_What the exercise asks_
Using the listing below, set down exactly the lines starting at the line that contains "Constant15 : Constant" and ending at the line that contains "From2 : From", both included, and no others.
#### Supplied data
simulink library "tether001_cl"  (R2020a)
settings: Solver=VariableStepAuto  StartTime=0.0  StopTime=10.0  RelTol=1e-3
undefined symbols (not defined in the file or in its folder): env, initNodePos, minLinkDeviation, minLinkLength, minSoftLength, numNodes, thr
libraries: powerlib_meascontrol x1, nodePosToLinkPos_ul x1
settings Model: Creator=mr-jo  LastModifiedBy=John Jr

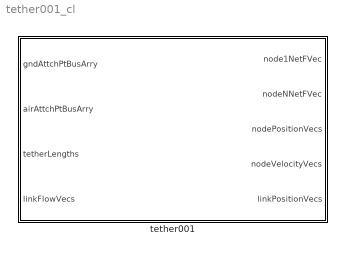
== system tether001_cl ==
  tether001 : Subsystem  mask{thr=thr.tether1, fluidDensity=env.water.density.Value, gravity=env.gravAccel.Value}
      mask prompts: thr "Tether001 Object"; fluidDensity "Fluid Density"; gravity "Gravitational Aceleration"

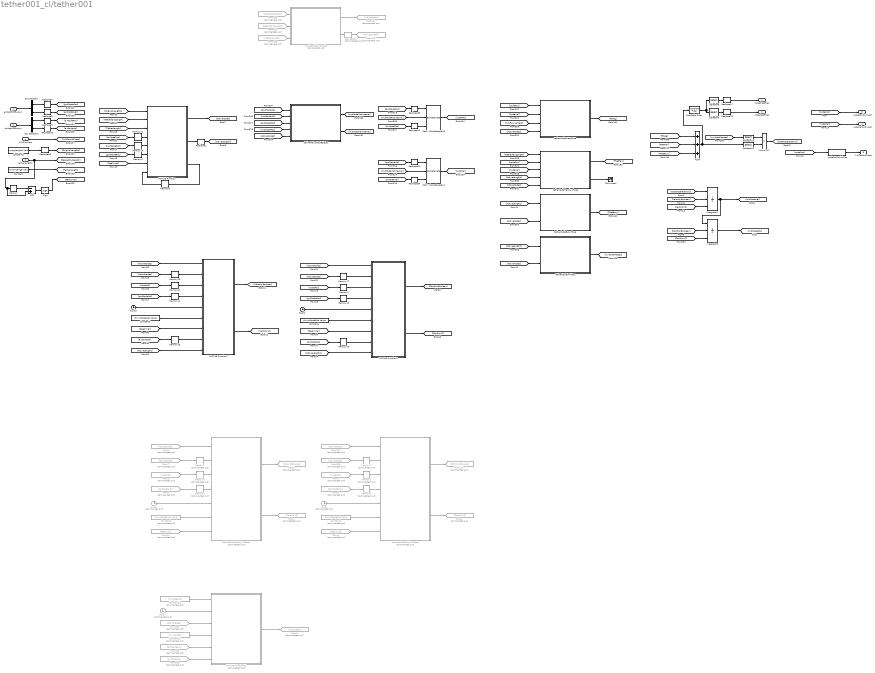
== system tether001_cl/tether001 ==
  gndAttchPtBusArry : Inport  OutDataTypeStr=Bus: thrAttachPtKinematicsBus
  airAttchPtBusArry : Inport  Port=2  OutDataTypeStr=Bus: thrAttachPtKinematicsBus
  tetherLengths : Inport  Port=3
  linkFlowVecs : Inport  Port=4
  Add : Sum  Inputs=-+
  Add4 : Sum  Inputs=3
  Bus Selector : BusSelector  OutputSignals=posVec,velVec
  Bus Selector1 : BusSelector  OutputSignals=posVec,velVec
  Clock : Clock  Commented=on
  Clock1 : Clock  Commented=on
  Clock2 : Clock
  Clock3 : Clock
  Clock7 : Clock  Commented=on
  Constant : Constant  Value=thr.maxLength.Value
  Constant1 : Constant  Commented=on  Value=thr.initNodePos.Value
  Constant15 : Constant  Commented=on  Value=[initNodePos]
  Constant19 : Constant  Commented=on  Value=[numNodes]
  Constant2 : Constant  Commented=on  Value=thr.initNodeVel.Value
  Constant3 : Constant  Value=thr.orgLengths.Value
  Constant4 : Constant  Value=thr.initNodePos.Value
  Constant5 : Constant  Value=thr.initNodeVel.Value
  First-Order Filter : powerlib_meascontrol/Filters/First-Order Filter  FilterType=Lowpass  Tc=10e-2  Ts=0  Initialize=on  Vac_Init=[0, 0, 60]  Vdc_Init=0  PlotResponse=off  FreqRange="[0,  200,  1]"
  From1 : From  Commented=on  GotoTag=nodePos
  From10 : From  Commented=on  GotoTag=ReelInVel
  From161 : From  Commented=on  GotoTag=gndNodePos
  From162 : From  Commented=on  GotoTag=airNodePos
  From2 : From  Commented=on  GotoTag=gndNodePos
  From{4,7,267..268,361} (5 alike) : From  Commented=on  GotoTag=ActiveNodes
  From310 : From  Commented=on  GotoTag=OriginalLengths
  From311 : From  Commented=on  GotoTag=ReeledOutLength
  From320 : From  Commented=on  GotoTag=TetherLength
  From5 : From  Commented=on  GotoTag=ReelInVel
  From8 : From  Commented=on  GotoTag=nodeVel
  From9 : From  Commented=on  GotoTag=gndNodeVel
  Goto110 : Goto  Commented=on  GotoTag=PositionBoolean
  Goto152 : Goto  Commented=on  GotoTag=ActiveLengths
  Goto161 : Goto  Commented=on  GotoTag=ActiveNodes
  Goto2 : Goto  Commented=on  GotoTag=PositionIC
  Goto3 : Goto  Commented=on  GotoTag=VelocityBoolean
  Goto4 : Goto  Commented=on  GotoTag=VelocityIC
  Goto5 : Goto  Commented=on  GotoTag=PosIC_Start
  Integrator1 : Integrator  ExternalReset=rising  InitialConditionSource=external
  Integrator8 : Integrator  ExternalReset=rising  InitialConditionSource=external
  MATLAB Function : MATLAB Function  TreatAsAtomicUnit=on  mask{minLinkLength=minLinkLength, minLinkDeviation=minLinkDeviation}
      mask prompts: minLinkLength "Minimum Link Length"; minLinkDeviation "Minimum Devation to Remove Node"
  MATLAB Function1 : MATLAB Function  TreatAsAtomicUnit=on
  MATLAB Function2 : MATLAB Function  TreatAsAtomicUnit=on
  MATLAB Function61 : MATLAB Function  Commented=on  TreatAsAtomicUnit=on
  Matrix Concatenate14 : Concatenate  NumInputs=3  Mode=Multidimensional array  ConcatenateDimension=2
  Matrix Concatenate15 : Concatenate  NumInputs=3  Mode=Multidimensional array  ConcatenateDimension=2
  Memory{,6,8..18} (13 alike) : Memory
  Memory{1..5,7} (6 alike) : Memory  Commented=on
  Multiply11 : Product
  Reshape1 : Reshape  OutputDimensionality=Row vector (2-D)
  Reshape{7..10,17..18,33..34,41..42} (10 alike) : Reshape  OutputDimensionality=Column vector (2-D)
  Reshape36 : Reshape  OutputDimensionality=Row vector (2-D)
  Reshape39 : Reshape  Commented=on  OutputDimensionality=Row vector (2-D)
  Selector18 : Selector  NumberOfDimensions=2  InputPortWidth=3  IndexOptions=Select all,Index vector (dialog)  Indices=[1 3],2:thr.numNodes.Value-1  OutputSizes=1,1
  Selector19 : Selector  NumberOfDimensions=2  InputPortWidth=3  IndexOptions=Select all,Index vector (dialog)  Indices=[1 3],2:thr.numNodes.Value-1  OutputSizes=1,1
  Selector8 : Selector  NumberOfDimensions=2  InputPortWidth=3  IndexOptions=Select all,Index vector (dialog)  Indices=[1 3],1  OutputSizes=1,1
  Selector9 : Selector  NumberOfDimensions=2  InputPortWidth=3  IndexOptions=Select all,Starting index (dialog)  Indices=[1 3],thr.numNodes.Value  OutputSizes=1,1
  Sign : Signum
  Terminator : Terminator
  defineActiveNodeStates : MATLAB Function  TreatAsAtomicUnit=on
  nodePosToLinkPos : nodePosToLinkPos_ul/nodePosToLinkPos  SystemSampleTime=-1  Latency=0  AutoFrameSizeCalculation=off
  numberOfActiveNodes : MATLAB Function  Commented=on  TreatAsAtomicUnit=on
  tetherNodeBuoyForce : MATLAB Function  TreatAsAtomicUnit=on  mask{fluidDensity=fluidDensity, numNodes=thr.numNodes.Value, thrDiam=thr.diameter.Value, tetherDensity=thr.density.Value, gravity=gravity}
      mask prompts: fluidDensity "Fluid Density"; numNodes "Number of Nodes"; thrDiam "Tether Diameter"; tetherDensity "Tether Density"; gravity "Gravitational Acceleration"
  tetherNodeDragForce : MATLAB Function  TreatAsAtomicUnit=on  mask{flowDensity=fluidDensity, numNodes=thr.numNodes.Value, dragCoeff=thr.dragCoeff.Value, thrDiam=thr.diameter.Value}
      mask prompts: flowDensity "Fluid Density"; numNodes "Number of nodes"; dragCoeff "Drag Coefficient of Tether"; thrDiam "Tether Diameter"
  tetherNodeInvMass : MATLAB Function  TreatAsAtomicUnit=on  mask{numNodes=thr.numNodes.Value, thrDiam=thr.diameter.Value, tetherDensity=thr.density.Value}
      mask prompts: numNodes "Number of nodes"; thrDiam "Tether Diameter"; tetherDensity "Tether Density"
  tetherNodePositionICReset : MATLAB Function  Commented=on  TreatAsAtomicUnit=on
  tetherNodeTensionForce : MATLAB Function  TreatAsAtomicUnit=on  mask{numNodes=thr.numNodes.Value, thrDiam=thr.diameter.Value, youngsMod=thr.youngsMod.Value, dampingRatio=thr.dampingRatio.Value, mass=thr.vehicleMass.Value, minSoftLength=minSoftLength}
      mask prompts: numNodes "Number of Nodes"; thrDiam "Tether Diameter"; youngsMod "Youngs Modulus of Tether"; dampingRatio "Total Tether Damping Ratio"; mass "Vehicle Mass for Damping"; minSoftLength "Min Link Length for Spring Softening"
  tetherNodeVelocityICReset : MATLAB Function  Commented=on  TreatAsAtomicUnit=on
  node1NetFVec : Outport  VectorParamsAs1DForOutWhenUnconnected=off
  nodeNNetFVec : Outport  Port=2  VectorParamsAs1DForOutWhenUnconnected=off
  nodePositionVecs : Outport  Port=3  VectorParamsAs1DForOutWhenUnconnected=off
  nodeVelocityVecs : Outport  Port=4  VectorParamsAs1DForOutWhenUnconnected=off
  linkPositionVecs : Outport  Port=5  VectorParamsAs1DForOutWhenUnconnected=off
  wires:
  [nodePos] -> nodePosToLinkPos/1
  nodePosToLinkPos/1 -> linkPositionVecs/1  "linkPositions"
  [nodeVel] -> nodeVelocityVecs/1
  [nodePos] -> nodePositionVecs/1
  Constant3/1 -> Reshape36/1
  Sign/1 -> [ReelInVel]
  Add/1 -> Sign/1
  Memory/1 -> Add/1
  Bus Selector/1 -> Reshape7/1  "<posVec>"
  Reshape8/1 -> [gndNodeVel]
  Bus Selector1/1 -> Reshape9/1  "<posVec>"
  Bus Selector/2 -> Reshape8/1  "<velVec>"
  airAttchPtBusArry/1 -> Bus Selector1/1
  Reshape9/1 -> [airNodePos]
  Reshape10/1 -> [airNodeVel]
  Reshape7/1 -> [gndNodePos]
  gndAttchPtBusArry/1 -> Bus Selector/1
########
_Task answer_
  Constant15 : Constant  Commented=on  Value=[initNodePos]
  Constant19 : Constant  Commented=on  Value=[numNodes]
  Constant2 : Constant  Commented=on  Value=thr.initNodeVel.Value
  Constant3 : Constant  Value=thr.orgLengths.Value
  Constant4 : Constant  Value=thr.initNodePos.Value
  Constant5 : Constant  Value=thr.initNodeVel.Value
  First-Order Filter : powerlib_meascontrol/Filters/First-Order Filter  FilterType=Lowpass  Tc=10e-2  Ts=0  Initialize=on  Vac_Init=[0, 0, 60]  Vdc_Init=0  PlotResponse=off  FreqRange="[0,  200,  1]"
  From1 : From  Commented=on  GotoTag=nodePos
  From10 : From  Commented=on  GotoTag=ReelInVel
  From161 : From  Commented=on  GotoTag=gndNodePos
  From162 : From  Commented=on  GotoTag=airNodePos
  From2 : From  Commented=on  GotoTag=gndNodePos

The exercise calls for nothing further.